Il existe des centaines de méthodes différentes de détermination de la concentration des protéines.L'incroyable diversité des types de solutions protéiques que les biochimistes analysent est la raison pour laquelle il n'y a pas de méthode universelle unique qui fonctionne pour chaque type de solution protéique.Les tests de protéines les plus courants sont le test Bradford, le test Lowry et le test d'acide bicinchoninique.Néanmoins, une myriade de variations ont été développées au besoin pour contourner toute incompatibilités chimiques potentielles entre la solution protéique et les réactifs qui sont utilisés dans le test.

D'une manière générale, il existe deux principales catégories de tests pour la détermination de la concentration des protéines.Dans le premier groupe de méthodes, un colorant coloré ou fluorescent est ajouté à une solution de protéines, et il se lie spécifiquement aux protéines.Le colorant lié a une longueur d'onde d'absorption unique qui est proportionnelle à la quantité de protéines.En utilisant un spectromètre, il devient possible d'estimer la concentration de protéine.

Le deuxième groupe de tests consiste à ajouter des ions cuivre (II) à une solution de protéine, où ces ions sont réduits en ions cuivrés (I).Ces ions réduits sont ensuite capables de former des complexes colorés en se liant aux protéines.En mesurant les absorbances à leurs longueurs d'onde uniques, les concentrations de protéines peuvent également être déduites.

L'une des méthodes les plus populaires de détermination de la concentration des protéines est le test Bradford.Dans ce test, un colorant rouge appelé Coomassie Brilliant Blue est ajouté à une solution de protéines dans des conditions acides.Comme ce colorant se lie aux protéines, il forme un complexe bleu permanent avec une absorbance caractéristique à 595 nanomètres.

Malgré la polyvalence générale du test Bradford, il est incompatible avec certaines solutions protéiques.En particulier, le test Bradford est perturbé par la présence de dodécyl sulfate de sodium (SDS), un détergent qui est couramment utilisé pour purifier les protéines et décomposer les cellules par lyse.Ce détergent interfère avec la liaison du colorant aux protéines, ce qui se traduit par une lecture d'absorption peu fiable et inexacte.D'autres types de méthodes doivent donc être utilisés lorsque SDS est présent.
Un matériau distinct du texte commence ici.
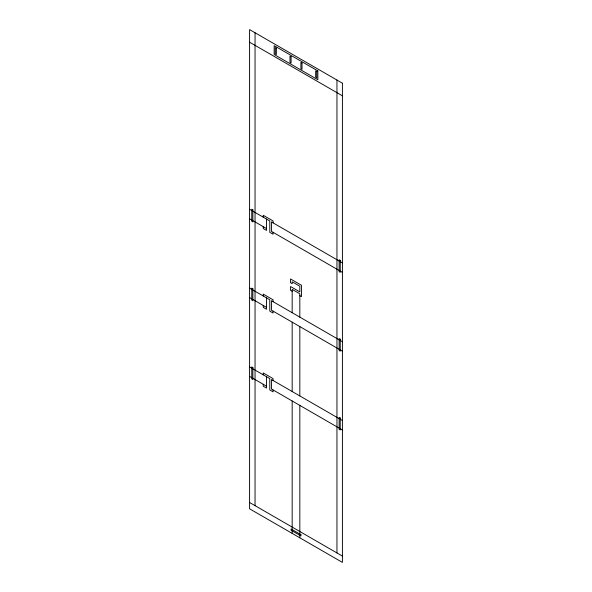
<?xml version="1.0" encoding="UTF-8"?>
<svg xmlns="http://www.w3.org/2000/svg" width="592" height="592" viewBox="0 0 592 592"><rect width="100%" height="100%" fill="white"/><g stroke="black" fill="none" stroke-linecap="round" stroke-linejoin="round"><path stroke-width="0.89" d="M249.587 42.21L342.413 95.808M249.587 209.302L251.77 210.56M252.858 211.196L269.789 220.964L269.789 232.316L273.067 234.21L273.067 232.316M339.142 261.005L271.425 221.911L271.425 231.368L339.142 270.463M340.23 261.634L342.413 262.9M249.587 218.759L251.77 220.024M252.858 220.653L266.511 228.534M340.23 271.092L342.413 272.357M292.174 291.271L290.539 290.324L290.539 286.543L299.826 291.9L299.826 286.225L292.174 281.814L292.174 283.701L290.539 282.761L290.539 278.973L301.461 285.277L301.461 296.629L299.826 295.682M249.587 288.119L251.77 289.377M252.858 290.013L269.789 299.781L269.789 311.133L273.067 313.027L273.067 311.133M339.142 339.823L271.425 300.729L271.425 310.186L339.142 349.28M340.23 340.452L342.413 341.71M249.587 297.576L251.77 298.834M252.858 299.471L266.511 307.352M340.23 349.909L342.413 351.174M249.587 366.936L251.77 368.194M252.858 368.823L269.789 378.599L269.789 389.95L273.067 391.845L273.067 389.95M339.142 418.64L271.425 379.546L271.425 389.003L339.142 428.097M340.23 419.269L342.413 420.527M249.587 376.394L251.77 377.652M252.858 378.288L266.511 386.169M340.23 428.726L342.413 429.984M249.587 502.497L342.413 556.095M336.952 80.038L336.952 552.943M299.826 317.12L299.826 293.795L292.174 289.377L292.174 312.709M299.826 326.584L299.826 395.937M299.826 405.394L299.826 534.028M299.826 535.286L299.826 537.81M292.174 322.166L292.174 391.527M292.174 400.984L292.174 529.611M292.174 530.876L292.174 533.399M273.067 222.858L273.067 220.964L263.24 215.296L263.24 217.183M273.067 301.676L273.067 299.781L263.24 294.106L263.24 296M273.067 380.493L273.067 378.599L263.24 372.923L263.24 374.817M266.511 219.077L266.511 230.421L263.24 228.534L263.24 226.64M266.511 297.894L266.511 309.239L263.24 307.352L263.24 305.457M266.511 376.712L266.511 388.056L263.24 386.169L263.24 384.275M255.048 32.752L255.048 505.649M342.413 83.198L249.587 29.6L249.587 508.802L342.413 562.4L342.413 83.198M317.845 70.899L274.155 45.68L274.155 54.508L317.845 79.728L317.845 70.899M276.346 48.204L275.25 47.567L275.25 53.872L276.346 54.508L276.346 48.204M291.086 56.714L289.991 56.085L289.991 62.389L291.086 63.018L291.086 56.714M302.009 63.018L300.914 62.389L300.914 68.694L302.009 69.323L302.009 63.018M316.75 71.528L315.654 70.899L315.654 77.204L316.75 77.833L316.75 71.528M252.858 209.931L251.77 209.302L251.77 221.282L252.858 221.911L252.858 209.931M340.23 260.376L339.142 259.747L339.142 271.721L340.23 272.357L340.23 260.376M252.858 288.748L251.77 288.119L251.77 300.1L252.858 300.729L252.858 288.748M340.23 339.194L339.142 338.557L339.142 350.538L340.23 351.174L340.23 339.194M252.858 367.565L251.77 366.936L251.77 378.917L252.858 379.546L252.858 367.565M340.23 418.011L339.142 417.375L339.142 429.355L340.23 429.984L340.23 418.011M300.914 534.657L291.086 528.982L291.086 530.24L300.914 535.915L300.914 534.657"/></g></svg>

Une autre série de tests de protéines a été développée, et elles impliquent toutes une variation du test Biuret.Dans cette réaction, une protéine est combinée avec une base aqueuse et des ions cuivre (II).Ces ions sont réduits puis chélés par des protéines pour former des complexes colorés.Deux tests qui utilisent ce test sont le test Lowry et le test d'acide bicinchoninique.

Avec le test Lowry, un réactif Folin-Ciocalteu est ajouté au test Biuret.Le réactif Folin-Ciocalteu oxyde les résidus aromatiques, en particulier le tryptophane, et aide le complexe à absorber fortement à 750 nanomètres.Le test d'acide bicinchoninique, en revanche, consiste à ajouter de l'acide bicinchoninique au test de Biuret.Après une brève incubation à environ 104 deg;Fahrenheit (40 deg; Celsius), deux équivalents d'acide et les liaisons peptidiques de la protéine chélate un seul ion cuivre (I).Le résultat est un complexe qui absorbe fortement à 562 nanomètres.

Lors de la sélection d'une méthode de détermination de la concentration des protéines, il est important pour l'un de considérer les différents groupes fonctionnels chimiques présents dans la solution.La présence de certaines chaînes latérales d'acides aminés, des liaisons disulfure et des cofacteurs peut rendre la détermination de la concentration en protéines sauvagement inexacte.Il est souvent nécessaire pour que quelqu'un considère non seulement les protéines mais aussi d'autres réactifs et tampons, tels que la réduction des agents et des détergents.La méthode idéale sera chimiquement compatible et sera fiable, bon marché et simple à configurer.